The new x86_64 assembler no longer accepts

monitor %eax,%ecx,%edx

You should use

monitor %rax,%ecx,%edx

or
monitor

which works with both old and new x86_64 assemblers. They should
generate the same opcode.

The new i386/x86_64 assemblers no longer accept instructions for moving
between a segment register and a 32bit memory location, i.e.,

movl (%eax),%ds
movl %ds,(%eax)

To generate instructions for moving between a segment register and a
16bit memory location without the 16bit operand size prefix, 0x66,

mov (%eax),%ds
mov %ds,(%eax)

should be used. It will work with both new and old assemblers. The
assembler starting from 2.16.90.0.1 will also support

movw (%eax),%ds
movw %ds,(%eax)

without the 0x66 prefix. Patches for 2.4 and 2.6 Linux kernels are
available at

http://www.kernel.org/pub/linux/devel/binutils/linux-2.4-seg-4.patch
http://www.kernel.org/pub/linux/devel/binutils/linux-2.6-seg-5.patch

The ia64 assembler is now defaulted to tune for Itanium 2 processors.
To build a kernel for Itanium 1 processors, you will need to add

ifeq ($(CONFIG_ITANIUM),y)
CFLAGS += -Wa,-mtune=itanium1
AFLAGS += -Wa,-mtune=itanium1
endif

to arch/ia64/Makefile in your kernel source tree.

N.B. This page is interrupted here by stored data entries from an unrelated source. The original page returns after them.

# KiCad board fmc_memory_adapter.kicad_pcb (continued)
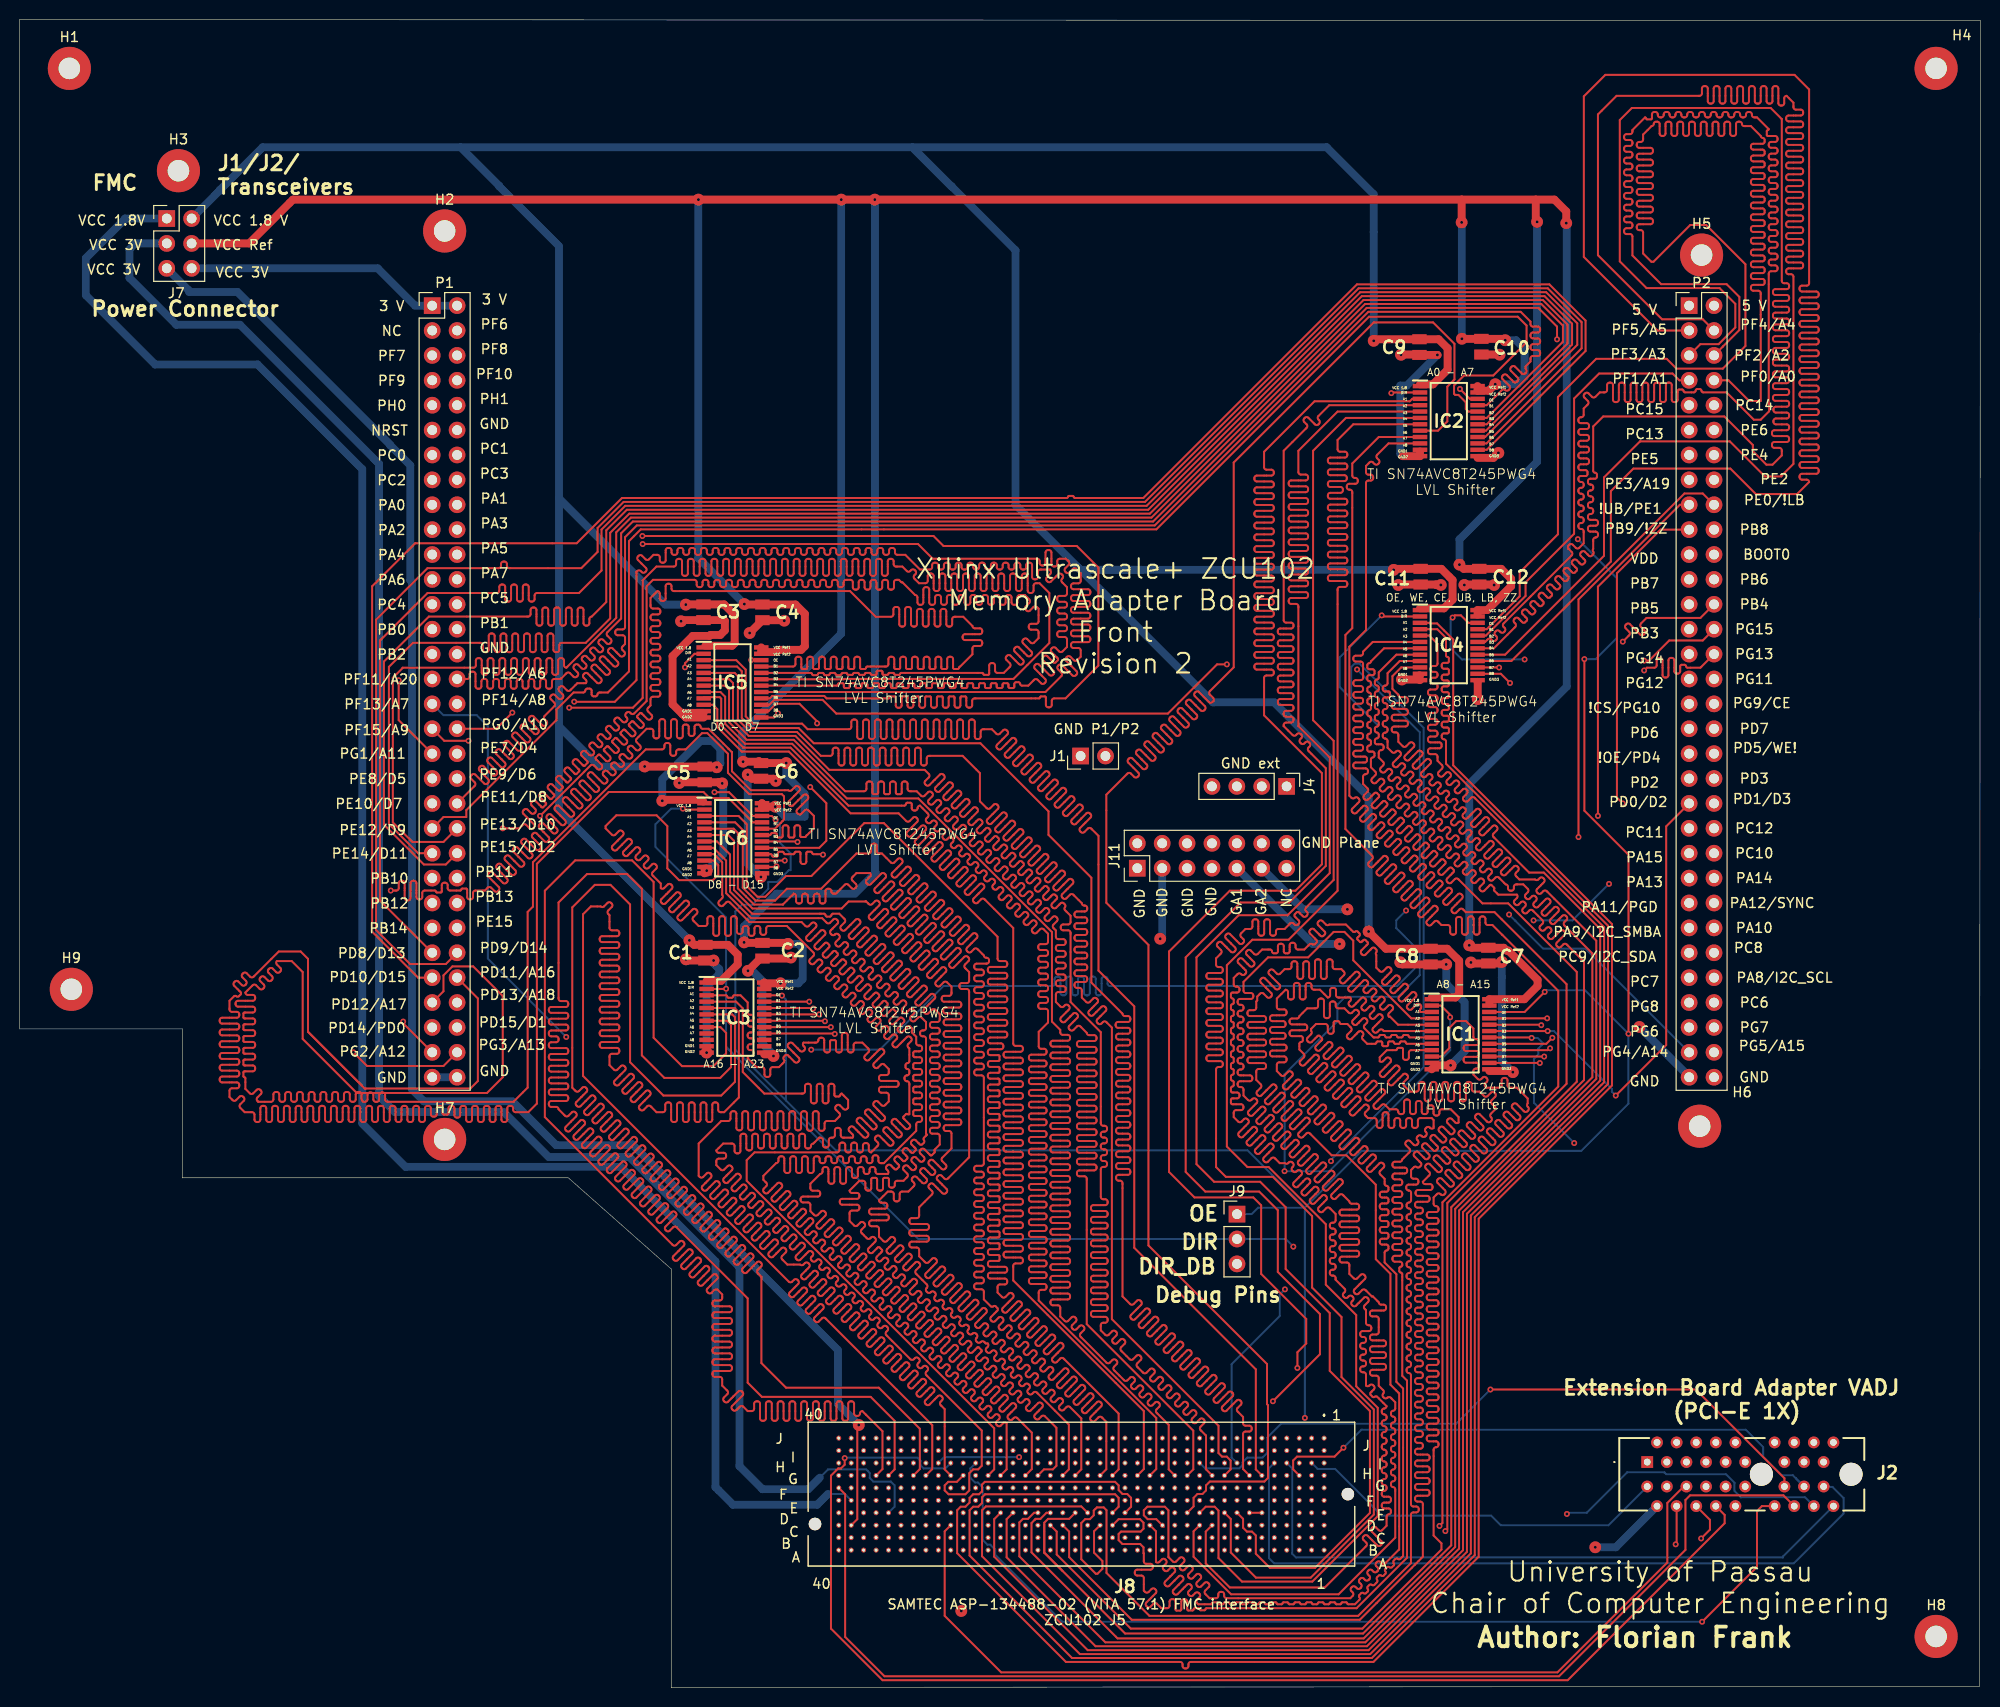
[diagram p0: board, top side]
## Routing (per net, layer and track width the routed paths; a pad name or vN(x,y) marks a point on that pad's centre or on a via; arc(x,y) is an arc through that point) (continued)
  In2.Cu w0.2: v2(38.69,102.78) 40.21,104.3 47.27,104.3 50.97,100.59 v2(56.6,100.59)
Net-(IC5-B5): length 196.4
  Top w0.2: v2(63.59,116.68) 91.69,116.68 93.19,115.18 103.86,115.18 arc(104.03,115.11) 104.1,114.94 104.1,114.74 arc(104.17,114.57) 104.34,114.5 104.46,114.5 arc(104.63,114.57) 104.7,114.74 104.7,115.82 arc(104.77,115.99) 104.94,116.06 105.06,116.06 arc(105.23,115.99) 105.3,115.82 105.3,114.64 arc(105.37,114.47) 105.54,114.4 105.66,114.4 arc(105.83,114.47) 105.9,114.64 105.9,114.94 arc(105.97,115.11) 106.14,115.18 106.79,115.18 107.06,114.9 arc(107.13,114.73) 107.06,114.56 106.71,114.21 arc(106.64,114.04) 106.71,113.87 106.79,113.78 arc(106.96,113.71) 107.13,113.78 107.49,114.14 arc(107.66,114.21) 107.83,114.14 108.29,113.68 108.29,112.91 arc(108.22,112.74) 108.05,112.67 107.54,112.67 arc(107.37,112.6) 107.3,112.43 107.3,112.31 arc(107.37,112.14) 107.54,112.07 109.03,112.07 arc(109.2,112) 109.27,111.83 109.27,111.71 arc(109.2,111.54) 109.03,111.47 107.54,111.47 arc(107.37,111.4) 107.3,111.23 107.3,111.11 arc(107.37,110.94) 107.54,110.87 109.03,110.87 arc(109.2,110.8) 109.27,110.63 109.27,110.51 arc(109.2,110.34) 109.03,110.27 107.54,110.27 arc(107.37,110.2) 107.3,110.03 107.3,109.91 arc(107.37,109.74) 107.54,109.67 109.03,109.67 arc(109.2,109.6) 109.27,109.43 109.27,109.31 arc(109.2,109.14) 109.03,109.07 107.54,109.07 arc(107.37,109) 107.3,108.83 107.3,108.71 arc(107.37,108.54) 107.54,108.47 109.03,108.47 arc(109.2,108.4) 109.27,108.23 109.27,108.11 arc(109.2,107.94) 109.03,107.87 107.54,107.87 arc(107.37,107.8) 107.3,107.63 107.3,107.51 arc(107.37,107.34) 107.54,107.27 109.03,107.27 arc(109.2,107.2) 109.27,107.03 109.27,106.91 arc(109.2,106.74) 109.03,106.67 107.54,106.67 arc(107.37,106.6) 107.3,106.43 107.3,106.31 arc(107.37,106.14) 107.54,106.07 108.05,106.07 arc(108.22,106) 108.29,105.83 108.29,105.18 107.93,104.82 arc(107.76,104.75) 107.59,104.82 107.23,105.18 arc(107.06,105.25) 106.89,105.18 106.81,105.09 arc(106.74,104.92) 106.81,104.75 107.86,103.7 arc(107.93,103.53) 107.86,103.36 107.78,103.28 arc(107.61,103.21) 107.44,103.28 106.38,104.33 arc(106.21,104.4) 106.05,104.33 105.96,104.25 arc(105.89,104.08) 105.96,103.91 106.32,103.55 arc(106.39,103.38) 106.32,103.21 104.69,101.58 IC5.17 ; P1.61 39.15,67.77 v2(39.15,67.95)
  In2.Cu w0.2: v2(63.59,116.68) 56.05,109.14 37.98,109.14 33.89,105.05 33.89,73.18 39.12,67.95 v2(39.15,67.95)
Net-(IC5-B6): length 197.2
  Top w0.2: v2(63.56,117.5) 93.26,117.5 94.29,116.48 107.89,116.48 110.09,114.28 110.09,104.28 106.74,100.93 105.57,100.93 arc(105.4,100.86) 105.33,100.69 105.33,100.26 arc(105.26,100.09) 105.09,100.02 104.97,100.02 arc(104.8,100.09) 104.73,100.26 104.73,101.03 arc(104.7,101.1) 104.63,101.13 104.23,101.13 arc(104.16,101.1) 104.13,101.03 arc(104.1,100.96) 104.03,100.93 97.45,100.93 arc(97.28,100.86) 97.21,100.69 97.21,100.23 arc(97.14,100.06) 96.97,99.99 96.85,99.99 arc(96.68,100.06) 96.61,100.23 96.61,101.03 arc(96.58,101.1) 96.51,101.13 96.11,101.13 arc(96.04,101.1) 96.01,101.03 96.01,100.22 arc(95.94,100.05) 95.77,99.98 95.65,99.98 arc(95.48,100.05) 95.41,100.22 95.41,101.03 arc(95.38,101.1) 95.31,101.13 94.91,101.13 arc(94.84,101.1) 94.81,101.03 94.81,100.22 arc(94.74,100.05) 94.57,99.98 94.45,99.98 arc(94.28,100.05) 94.21,100.22 94.21,101.03 arc(94.18,101.1) 94.11,101.13 93.71,101.13 arc(93.64,101.1) 93.61,101.03 93.61,100.21 arc(93.54,100.05) 93.37,99.97 93.25,99.97 arc(93.08,100.05) 93.01,100.21 93.01,101.03 arc(92.98,101.1) 92.91,101.13 92.51,101.13 arc(92.44,101.1) 92.41,101.03 92.41,100.21 arc(92.34,100.04) 92.17,99.97 92.05,99.97 arc(91.88,100.04) 91.81,100.21 91.81,101.03 arc(91.78,101.1) 91.71,101.13 91.31,101.13 arc(91.24,101.1) 91.21,101.03 91.21,100.21 arc(91.14,100.04) 90.97,99.97 90.85,99.97 arc(90.68,100.04) 90.61,100.21 90.61,101.03 arc(90.58,101.1) 90.51,101.13 90.11,101.13 arc(90.04,101.1) 90.01,101.03 90.01,100.21 arc(89.94,100.04) 89.77,99.97 89.65,99.97 arc(89.48,100.04) 89.41,100.21 89.41,101.03 arc(89.38,101.1) 89.31,101.13 88.89,101.13 arc(88.81,101.1) 88.79,101.03 arc(88.76,100.96) 88.69,100.93 82.36,100.93 82.11,101.18 76.81,101.18 76.56,100.93 IC5.16 ; v2(34.07,64.81) 35.46,63.42 43.26,63.42 P1.62
  In2.Cu w0.2: v2(63.56,117.5) 57.74,111.68 39.79,111.68 33.49,105.38 33.49,65.39 v2(34.07,64.81)
Net-(IC5-B7): length 123.1
  Top w0.2: IC5.15 76.51,100.28 77.01,100.78 81.95,100.78 83.35,99.38 117.18,99.38 122.2,104.4 v2(123.2,104.4)
  In2.Cu w0.2: v2(123.2,104.4) 128.2,104.4 140.4,92.2 140.4,78.1 140.6,78.1 141.17,78.67 143.27,78.67 143.8,79.2 151.67,79.2 v2(152,78.87)
  Bottom w0.2: v2(152,78.87) 155.47,75.4 159.79,75.4 P2.61
Net-(IC5-B8): length 210
  Top w0.2: IC5.14 76.43,99.63 77.18,100.38 79.59,100.38 81.39,98.58 v2(81.39,98.38)
  In2.Cu w0.2: v2(154.5,78.27) 142.78,78.27 139.48,74.97 109.53,74.97 arc(109.36,74.9) 109.29,74.73 109.29,74.66 arc(109.22,74.49) 109.05,74.42 108.93,74.42 arc(108.76,74.49) 108.69,74.66 108.69,75.72 arc(108.62,75.89) 108.45,75.96 108.33,75.96 arc(108.16,75.89) 108.09,75.72 108.09,74.66 arc(108.02,74.49) 107.85,74.42 107.73,74.42 arc(107.56,74.49) 107.49,74.66 107.49,75.72 arc(107.42,75.89) 107.25,75.96 107.13,75.96 arc(106.96,75.89) 106.89,75.72 106.89,74.66 arc(106.82,74.49) 106.65,74.42 106.53,74.42 arc(106.36,74.49) 106.29,74.66 106.29,75.72 arc(106.22,75.89) 106.05,75.96 105.93,75.96 arc(105.76,75.89) 105.69,75.72 105.69,75.21 arc(105.62,75.04) 105.45,74.97 104.8,74.97 104.18,75.58 arc(104.01,75.65) 103.84,75.58 103.48,75.22 arc(103.31,75.15) 103.14,75.22 103.05,75.3 arc(102.98,75.47) 103.05,75.64 104.12,76.71 arc(104.19,76.88) 104.12,77.05 104.04,77.14 arc(103.87,77.21) 103.7,77.14 102.63,76.07 arc(102.46,76) 102.29,76.07 102.21,76.15 arc(102.14,76.32) 102.21,76.49 103.27,77.56 arc(103.34,77.73) 103.27,77.9 103.19,77.98 arc(103.02,78.05) 102.85,77.98 101.78,76.92 arc(101.61,76.85) 101.44,76.92 101.36,77 arc(101.29,77.17) 101.36,77.34 102.42,78.41 arc(102.49,78.58) 102.42,78.75 102.34,78.83 arc(102.17,78.9) 102,78.83 100.93,77.77 arc(100.76,77.7) 100.59,77.77 100.51,77.85 arc(100.44,78.02) 100.51,78.19 101.58,79.26 arc(101.65,79.43) 101.58,79.6 101.49,79.68 arc(101.32,79.75) 101.15,79.68 100.08,78.61 arc(99.91,78.54) 99.74,78.61 99.66,78.7 arc(99.59,78.87) 99.66,79.04 100.73,80.11 arc(100.8,80.28) 100.73,80.45 100.64,80.53 arc(100.47,80.6) 100.3,80.53 99.24,79.46 arc(99.07,79.39) 98.9,79.46 98.81,79.55 arc(98.74,79.72) 98.81,79.89 99.88,80.95 arc(99.95,81.12) 99.88,81.29 99.79,81.38 arc(99.62,81.45) 99.45,81.38 98.39,80.31 arc(98.22,80.24) 98.05,80.31 97.96,80.4 arc(97.89,80.57) 97.96,80.74 99.03,81.8 arc(99.1,81.97) 99.03,82.14 98.95,82.23 arc(98.78,82.3) 98.61,82.23 97.54,81.16 arc(97.37,81.09) 97.2,81.16 97.11,81.24 arc(97.04,81.41) 97.11,81.58 98.18,82.65 arc(98.25,82.82) 98.18,82.99 98.1,83.08 arc(97.93,83.15) 97.76,83.08 96.69,82.01 arc(96.52,81.94) 96.35,82.01 96.27,82.09 arc(96.2,82.26) 96.27,82.43 97.33,83.5 arc(97.4,83.67) 97.33,83.84 97.25,83.92 arc(97.08,83.99) 96.91,83.92 95.84,82.86 arc(95.67,82.79) 95.5,82.86 95.42,82.94 arc(95.35,83.11) 95.42,83.28 96.48,84.35 arc(96.56,84.52) 96.48,84.69 96.4,84.77 arc(96.23,84.84) 96.06,84.77 94.99,83.71 arc(94.82,83.63) 94.65,83.71 94.57,83.79 arc(94.5,83.96) 94.57,84.13 95.64,85.2 arc(95.71,85.37) 95.64,85.54 95.55,85.62 arc(95.38,85.69) 95.21,85.62 94.14,84.55 arc(93.97,84.48) 93.8,84.55 93.72,84.64 arc(93.65,84.81) 93.72,84.98 94.79,86.05 arc(94.86,86.22) 94.79,86.39 94.7,86.47 arc(94.53,86.54) 94.36,86.47 93.3,85.4 arc(93.13,85.33) 92.96,85.4 92.87,85.49 arc(92.8,85.66) 92.87,85.83 93.94,86.89 arc(94.01,87.06) 93.94,87.23 93.85,87.32 arc(93.68,87.39) 93.52,87.32 92.45,86.25 arc(92.28,86.18) 92.11,86.25 92.02,86.34 arc(91.95,86.51) 92.02,86.67 93.09,87.74 arc(93.16,87.91) 93.09,88.08 93.01,88.17 arc(92.84,88.24) 92.67,88.17 91.6,87.1 arc(91.43,87.03) 91.26,87.1 91.17,87.18 arc(91.1,87.35) 91.17,87.52 92.24,88.59 arc(92.31,88.76) 92.24,88.93 92.16,89.02 arc(91.99,89.09) 91.82,89.02 90.75,87.95 arc(90.58,87.88) 90.41,87.95 90.33,88.03 arc(90.26,88.2) 90.33,88.37 91.39,89.44 arc(91.46,89.61) 91.39,89.78 91.31,89.86 arc(91.14,89.93) 90.97,89.86 89.9,88.8 arc(89.73,88.73) 89.56,88.8 89.48,88.88 arc(89.41,89.05) 89.48,89.22 90.55,90.29 arc(90.62,90.46) 90.55,90.63 90.46,90.71 arc(90.29,90.78) 90.12,90.71 89.05,89.64 arc(88.88,89.57) 88.71,89.64 88.63,89.73 arc(88.56,89.9) 88.63,90.07 89.7,91.14 arc(89.77,91.31) 89.7,91.48 89.61,91.56 arc(89.44,91.63) 89.27,91.56 88.2,90.49 arc(88.03,90.42) 87.87,90.49 87.78,90.58 arc(87.71,90.75) 87.78,90.92 88.85,91.99 arc(88.92,92.16) 88.85,92.32 88.76,92.41 arc(88.59,92.48) 88.42,92.41 87.36,91.34 arc(87.19,91.27) 87.02,91.34 86.93,91.43 arc(86.86,91.6) 86.93,91.77 88,92.83 arc(88.07,93) 88,93.17 87.91,93.26 arc(87.75,93.33) 87.58,93.26 86.51,92.19 arc(86.34,92.12) 86.17,92.19 86.08,92.28 arc(86.01,92.44) 86.08,92.61 87.15,93.68 arc(87.22,93.85) 87.15,94.02 87.07,94.11 arc(86.9,94.18) 86.73,94.11 86.36,93.74 arc(86.19,93.67) 86.02,93.74 v2(81.39,98.38) ; P2.62 171.77,63.66 169.1,63.66 167.8,64.96 167.8,79.1 164.9,82 v2(162.2,82)
  Bottom w0.2: v2(154.5,78.27) 158.47,78.27 v2(162.2,82)
Net-(IC6-A1): length 200.2
  Top w0.2: 111.47,21.57 J8.G18 ; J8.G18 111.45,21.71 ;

Please report any bugs related to binutils 2.18.50.0.8 to
[EMAIL PROTECTED]

and

http://www.sourceware.org/bugzilla/

Changes from binutils 2.18.50.0.7:

1. Update from binutils 2008 0709.
2. Allow vmovd with 64bit operand in x86 assembler.
3. Improve -msse-check in x86 assembler.
4. Fix an AVX assembler bug in Intel syntax.  PR 6517.
5. Improve error message in Intel syntax for x86 assembler.  PR 6518.
6. Add the ".sse_check" directive to x86 assembler.
7. Improve gold.
8. Improve objcopy/strip.  PR 2995/6473.
9. Improve objdump -g.  PR 6483.
10. Improve ld --sort-common.  PR 6430.
11. Add multi-GOT support for m68k.
12. Fix various arm bugs.
13. Fix various avr bugs.
14. Fix various hppa bugs.
15. Fix various m68k bugs.
16. Fix various mips bugs.
17. Fix various mmix bugs.
18. Fix various ppc bugs.
19. Fix various spu bugs.
20. Fix various xtensa bugs.

Changes from binutils 2.18.50.0.6:

1. Update from binutils 2008 0502.
2. Add Intel EPT and MOVBE support.
3. Correct Intel FMA operand order.
4. Change Intel CLMUL to Intel PCLMUL.
5. Add -msse-check to x86 assembler to warn SSE instruction where
there is AVX equivalent.
6. Provide backward compatibility for ELF object files with more
than 64K sections generated by the older binutils.  PR 6412.
7. Improve FDPIC support.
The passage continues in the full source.